Стихотворение "Воспоминания в Царском Селе" было напечатано в "Российском Музеуме", который поместил еще несколько произведений поэта, и с этого времени Пушкин приобрел известность за стенами лицея. Лицейские профессора стали смотреть на него как на знаменитость, а потому многое прощать – Пущин вспоминал высказывание учителя математики, когда Пушкин так и не справился с заданным ему примером: "У вас, Пушкин, в моем классе все кончается нулем. Садитесь на свое место и пишите стихи". Александр наконец-то получил венец первого лицейского поэта, который он так долго оспаривал то у Илличевского, то у Дельвига. В поэтическом языке Пушкина начинают встречаться смелые для того времени простонародные выражения (частехонько, невзвидел и пр.), до тех пор используемые только Крыловым.

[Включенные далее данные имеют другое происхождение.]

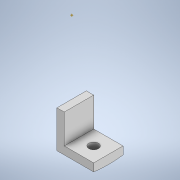
# Autodesk Inventor part: Slider_Winkel
Saved by Autodesk Inventor 2022.2 (Build 262287010, 287A)
## iProperties
Created: 2024-01-10
Part Number: Slider_Winkel
Material: Generisch
Document SubType Name: Modeling
Designer: ppovolni
Density: 1 g/cm^3
Appearance: Vorgabe
Author: ppovolni
Autodesk Inventor part; units mm, degrees
ref_plane "YZ Plane" through (0, 0, 0) normal (1, 0, 0) x (0, 1, 0)
ref_plane "XZ Plane" through (0, 0, 0) normal (0, 1, 0) x (-1, 0, 0)
ref_plane "XY Plane" through (0, 0, 0) normal (0, 0, 1) x (1, 0, 0)
sketch "Skizze1" plane through (0, 0, 0) normal (1, 0, 0) x (0, 1, 0)
  circle A0 centre (0, 0) radius 75.5 construction
  arc A1 (-74.8348, 10) -> (-74.8348, -10) centre (0, 0) ccw
  line L0 (-74.8348, 10) -> (-69.5, 10)
  line L1 (-69.5, 10) -> (-69.5, -10)
  line L2 (-69.5, -10) -> (-74.8348, -10)
  point P0 (-75.5, 0)
  dimension "d3" = 151
  dimension "d4" = 6
  dimension "d5" = 20
  constraints: 6 end point, 5 point on circle, 2 centre point, 2 perpendicular, 1 coincident, 1 concentric, 1 horizontal, 1 parallel
  measures "d3" diameter of A0
  measures "d4" distance from line of point (-75.5, 0) L1
  measures "d5" distance of L0.end L1.end
extrude "Extrusion1" add sketch "Skizze1" along normal blind 25
sketch "Skizze2" plane through (0, -69.5, 10) normal (0, 1, 0) x (1, 0, 0)
  line L0 (0, 0) -> (5, 0)
  line L1 (5, 0) -> (5, 20)
  line L2 (5, 20) -> (0, 20)
  line L3 (0, 20) -> (0, 0)
  line L4 (0, 20) -> (25, 20) projected
  point P0 (0, 10)
  dimension "d8" = 5
  constraints: 8 end point, 2 parallel, 1 collinear, 1 horizontal, 1 perpendicular
  measures "d8" distance between parallel lines of L1 L3
extrude "Extrusion2" add sketch "Skizze2" along normal blind 20
sketch "Skizze3" plane through (25, -69.5, 10) normal (0, 1, 0) x (1, 0, 0)
  circle A0 centre (-10, 10) radius 3.25
  line L0 (-20, 20) -> (-20, 0) construction
  line L1 (-20, 0) -> (0, 0) construction
  line L2 (0, 20) -> (0, 0) construction
  line L3 (-20, 20) -> (0, 20) construction
  line L4 (-20, 20) -> (0, 0) construction
  line L5 (0, 20) -> (-20, 0) construction
  point P0 (-25, 10)
  dimension "d11" = 6.5
  constraints: 4 end point, 2 midpoint, 1 centre point, 1 perpendicular
  measures "d11" diameter of A0
extrude "Extrusion4" cut sketch "Skizze3" against normal blind 10
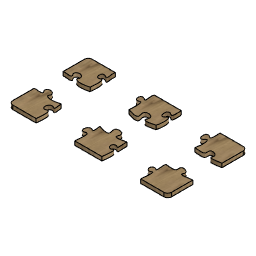
Púslu bretti v2 (Autodesk Fusion 360 design; units mm, degrees)
Autodesk Fusion 360 part; units mm, degrees
sketch "Sketch1" plane through (0, 0, 0) normal (0, 0, 1) x (1, 0, 0)
  line L0 (20, 0) -> (400, 0)
  line L1 (0, 240) -> (0, 20)
  line L2 (400, 260) -> (280, 260)
  line L3 (280, 260) -> (140, 260)
  line L4 (140, 260) -> (20, 260)
  line L5 (420, 240) -> (420, 130)
  line L6 (420, 130) -> (420, 20)
  spline S0 degree 5 poles (420, 130) (416.1569, 129.3347) (408.8145, 128.1) (398.8326, 126.5354) (387.5903, 125.0254) (376.9641, 124.1005) (369.6712, 124.1345) (365.4953, 125.1121) (364.0482, 127) (364.7182, 129.7413) (366.62, 133.2478) (368.5346, 137.3946) (369.2158, 141.9958) (367.694, 146.7817) (363.6047, 151.3716) (357.4467, 155.2591) (350.2289, 157.9216) (343.1844, 158.915) (337.448, 157.9813) (333.7805, 155.1362) (332.1898, 150.8086) (332.0622, 145.7217) (332.5096, 140.6598) (332.6186, 136.2944) (331.8011, 132.9328) (329.8033, 130.5545) (326.5513, 128.9847) (322.0312, 128.048) (316.2309, 127.6288) (309.1523, 127.6444) (300.8011, 128.0454) (293.1087, 128.653) (286.7739, 129.2656) (282.2998, 129.7436) (280, 130) knots 0 0 0 0 0 0 0.033333 0.066667 0.1 0.133333 0.166667 0.2 0.233333 0.266667 0.3 0.333333 0.366667 0.4 0.433333 0.466667 0.5 0.533333 0.566667 0.6 0.633333 0.666667 0.7 0.733333 0.766667 0.8 0.833333 0.866667 0.9 0.933333 0.966667 1 1 1 1 1 1
  spline S1 degree 5 poles (280, 130) (275.8224, 128.8825) (267.8961, 126.843) (257.2935, 124.3707) (245.7371, 122.2512) (235.5527, 121.5576) (229.4432, 122.7719) (226.9787, 125.7728) (227.3955, 130.3359) (229.4779, 136.0973) (231.5057, 142.5292) (231.7666, 149.0092) (228.9911, 154.8796) (222.8666, 159.5099) (214.3976, 162.358) (205.2875, 163.0238) (197.4083, 161.3087) (192.2863, 157.2675) (190.4715, 151.2893) (191.3079, 144.0924) (193.4639, 136.556) (195.2859, 129.5898) (195.2199, 123.9891) (192.1984, 120.2965) (185.5461, 118.8526) (174.8886, 119.8432) (163.0301, 122.6449) (152.2476, 125.8819) (144.2221, 128.5434) (140, 130) knots 0 0 0 0 0 0 0.04 0.08 0.12 0.16 0.2 0.24 0.28 0.32 0.36 0.4 0.44 0.48 0.52 0.56 0.6 0.64 0.68 0.72 0.76 0.8 0.84 0.88 0.92 0.96 1 1 1 1 1 1
  spline S2 degree 5 poles (0, 130) (0.6726, 130.1303) (2.0368, 130.3625) (4.1406, 130.6262) (7.0605, 130.808) (10.8974, 130.7621) (14.9065, 130.4737) (19.0576, 130.005) (23.2997, 129.4607) (27.5558, 128.9989) (31.712, 128.7955) (35.6093, 129.0115) (39.0309, 129.7574) (41.6968, 131.0621) (43.242, 132.8313) (43.385, 134.9274) (42.1144, 137.2617) (39.8723, 139.8827) (37.3749, 142.897) (35.4219, 146.3814) (34.7244, 150.3097) (35.6898, 154.4468) (38.3617, 158.3555) (42.5273, 161.5252) (47.7801, 163.4671) (53.6005, 163.8256) (59.4268, 162.4764) (64.7331, 159.6498) (69.0714, 155.8267) (72.1104, 151.6033) (73.6742, 147.5681) (73.7844, 144.1721) (72.6966, 141.607) (70.9513, 139.6629) (69.2082, 137.9334) (68.0891, 136.0141) (67.978, 133.7535) (69.0147, 131.2602) (71.2092, 128.7604) (74.5314, 126.4828) (78.963, 124.5976) (84.4839, 123.2388) (91.078, 122.5032) (98.7311, 122.4588) (107.4319, 123.1487) (117.1713, 124.5977) (125.7887, 126.3726) (132.7145, 128.0513) (137.5372, 129.3247) (140, 130) knots 0 0 0 0 0 0 0.022222 0.044444 0.066667 0.088889 0.111111 0.133333 0.155556 0.177778 0.2 0.222222 0.244444 0.266667 0.288889 0.311111 0.333333 0.355556 0.377778 0.4 0.422222 0.444444 0.466667 0.488889 0.511111 0.533333 0.555556 0.577778 0.6 0.622222 0.644444 0.666667 0.688889 0.711111 0.733333 0.755556 0.777778 0.8 0.822222 0.844444 0.866667 0.888889 0.911111 0.933333 0.955556 0.977778 1 1 1 1 1 1
  spline S3 degree 5 poles (280, 260) (280.191, 256.8907) (280.5235, 250.9394) (280.8735, 242.8142) (281.042, 233.5862) (280.7527, 224.7165) (279.9574, 218.457) (278.6472, 214.6822) (276.8095, 213.1654) (274.4294, 213.5546) (271.4855, 215.3325) (267.9643, 217.8215) (263.9195, 220.2718) (259.5123, 221.9338) (255.0824, 222.1325) (251.1161, 220.3585) (248.107, 216.3963) (246.4574, 210.4182) (246.3361, 203.1543) (247.6759, 195.7591) (250.2541, 189.4958) (253.7478, 185.4653) (257.7961, 184.3396) (262.0648, 186.0375) (266.2937, 189.5848) (270.2827, 193.5755) (273.8891, 196.5474) (277.02, 197.3547) (279.6286, 195.6325) (281.7019, 191.6447) (283.2467, 185.9595) (284.276, 179.1424) (284.7999, 171.5914) (284.8281, 163.5991) (284.3685, 155.3565) (283.4276, 146.9795) (282.2934, 140.2164) (281.2296, 135.1183) (280.4256, 131.708) (280, 130) knots 0 0 0 0 0 0 0.028571 0.057143 0.085714 0.114286 0.142857 0.171429 0.2 0.228571 0.257143 0.285714 0.314286 0.342857 0.371429 0.4 0.428571 0.457143 0.485714 0.514286 0.542857 0.571429 0.6 0.628571 0.657143 0.685714 0.714286 0.742857 0.771429 0.8 0.828571 0.857143 0.885714 0.914286 0.942857 0.971429 1 1 1 1 1 1
  spline S4 degree 5 poles (280, 130) (279.893, 129.6992) (279.7025, 128.9631) (279.4868, 127.4558) (279.3397, 124.6386) (279.3831, 119.8124) (279.631, 113.8173) (280.0368, 106.9315) (280.5206, 99.6325) (280.9623, 92.629) (281.2121, 86.6861) (281.0987, 82.4762) (280.4373, 80.4102) (279.042, 80.4986) (276.723, 82.1374) (273.3748, 84.3371) (269.0681, 86.0447) (264.1813, 86.486) (259.365, 85.297) (255.346, 82.4331) (252.7746, 78.1432) (252.058, 72.9178) (253.1887, 67.4537) (255.8568, 62.513) (259.5736, 58.7828) (263.7905, 56.7322) (268.0188, 56.4712) (271.9496, 57.6043) (275.4114, 59.408) (278.3264, 61.0095) (280.6676, 61.564) (282.4165, 60.431) (283.562, 57.1434) (284.0982, 51.3798) (284.0237, 42.937) (283.3393, 31.7027) (282.306, 20.4445) (281.2587, 10.7197) (280.4397, 3.668) (280, 0) knots 0 0 0 0 0 0 0.028571 0.057143 0.085714 0.114286 0.142857 0.171429 0.2 0.228571 0.257143 0.285714 0.314286 0.342857 0.371429 0.4 0.428571 0.457143 0.485714 0.514286 0.542857 0.571429 0.6 0.628571 0.657143 0.685714 0.714286 0.742857 0.771429 0.8 0.828571 0.857143 0.885714 0.914286 0.942857 0.971429 1 1 1 1 1 1
  spline S5 degree 5 poles (140, 260) (139.786, 259.149) (139.3949, 257.4189) (138.9194, 254.7391) (138.5076, 250.9966) (138.3554, 246.0496) (138.5404, 240.8764) (139.0108, 235.562) (139.6777, 230.2517) (140.4088, 225.1603) (141.0118, 220.6004) (141.2554, 216.9394) (140.9216, 214.4967) (139.8454, 213.4649) (137.9674, 213.805) (135.3596, 215.2012) (132.1765, 217.1928) (128.6213, 219.2678) (124.9018, 220.9885) (121.2137, 222.0296) (117.7406, 222.1651) (114.6502, 221.2708) (112.0908, 219.3206) (110.188, 216.3856) (109.039, 212.6276) (108.7059, 208.2939) (109.21, 203.7089) (110.5242, 199.275) (112.5703, 195.4454) (115.2295, 192.6298) (118.3503, 191.1054) (121.7572, 190.9403) (125.2582, 191.8765) (128.6582, 193.3586) (131.7822, 194.721) (134.4936, 195.3279) (136.7176, 194.743) (138.4568, 192.857) (139.7601, 189.7597) (140.6986, 185.6454) (141.3343, 180.6897) (141.7144, 175.0249) (141.8752, 168.7528) (141.8426, 161.9461) (141.6342, 154.6547) (141.261, 146.9088) (140.8351, 140.3614) (140.445, 135.2563) (140.1536, 131.7665) (140, 130) knots 0 0 0 0 0 0 0.022222 0.044444 0.066667 0.088889 0.111111 0.133333 0.155556 0.177778 0.2 0.222222 0.244444 0.266667 0.288889 0.311111 0.333333 0.355556 0.377778 0.4 0.422222 0.444444 0.466667 0.488889 0.511111 0.533333 0.555556 0.577778 0.6 0.622222 0.644444 0.666667 0.688889 0.711111 0.733333 0.755556 0.777778 0.8 0.822222 0.844444 0.866667 0.888889 0.911111 0.933333 0.955556 0.977778 1 1 1 1 1 1
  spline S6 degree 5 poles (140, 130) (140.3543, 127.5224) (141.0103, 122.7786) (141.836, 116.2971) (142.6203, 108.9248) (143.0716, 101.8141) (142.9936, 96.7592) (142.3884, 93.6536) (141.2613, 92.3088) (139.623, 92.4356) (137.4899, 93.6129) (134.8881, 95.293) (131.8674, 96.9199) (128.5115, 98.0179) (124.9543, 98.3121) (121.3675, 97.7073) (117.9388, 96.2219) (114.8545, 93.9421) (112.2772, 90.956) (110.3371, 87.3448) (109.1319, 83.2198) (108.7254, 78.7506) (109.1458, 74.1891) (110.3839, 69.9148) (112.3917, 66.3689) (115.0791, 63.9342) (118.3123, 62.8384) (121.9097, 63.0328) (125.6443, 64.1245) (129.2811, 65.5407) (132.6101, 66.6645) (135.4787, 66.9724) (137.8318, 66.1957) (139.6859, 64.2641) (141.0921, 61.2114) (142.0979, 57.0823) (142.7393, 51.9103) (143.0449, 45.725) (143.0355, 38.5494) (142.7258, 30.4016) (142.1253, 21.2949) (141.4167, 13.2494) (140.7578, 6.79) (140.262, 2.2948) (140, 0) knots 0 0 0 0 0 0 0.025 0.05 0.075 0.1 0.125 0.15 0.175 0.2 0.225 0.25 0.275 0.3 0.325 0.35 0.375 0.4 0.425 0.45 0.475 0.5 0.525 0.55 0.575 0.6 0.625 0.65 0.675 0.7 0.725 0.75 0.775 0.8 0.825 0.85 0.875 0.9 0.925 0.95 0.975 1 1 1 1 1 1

В 1816 году известность Пушкина стала настолько велика, что придворный поэт Нелединский-Мелецкий, которому было поручено написать стихи на обручение великой княжны Анны Павловны с принцем Оранским, обратился к нему за помощью. Модные светские поэты князь П. Вяземский, А. Шишков слали ему свои стихи и комплименты, и он отвечал им на равных. Дмитриев и Карамзин высоко отзывались о его даровании (последний летом того года жил в Царском Селе, и Пушкин был у него в доме своим человеком). К нему в лицей заезжали Жуковский и Батюшков, ободряли его и давали советы (особенно сильно и благотворно было влияние Жуковского, который занял особое место среди дружеских привязанностей Пушкина). Благодаря лицейской свободе, Пушкин и его товарищи проводили время в обществе офицеров лейб-гусарского полка, стоявшего в Царском Селе, и именно там молодой поэт сдружился с одним из самых просвещенных людей эпохи – с П. Я. Чаадаевым.
Дружеские отношения с лейб-гусарами и свежая память о сражениях 1812–1815 годов заставили Пушкина перед окончанием Лицея мечтать о мундире; но отец, ссылаясь на недостаток средств, отказал, да и дядя убеждал предпочесть гражданскую службу. Пушкин без особой борьбы отказался от этой мечты и вскоре стал в своих стихах подсмеиваться над необходимостью "красиво мерзнуть на параде".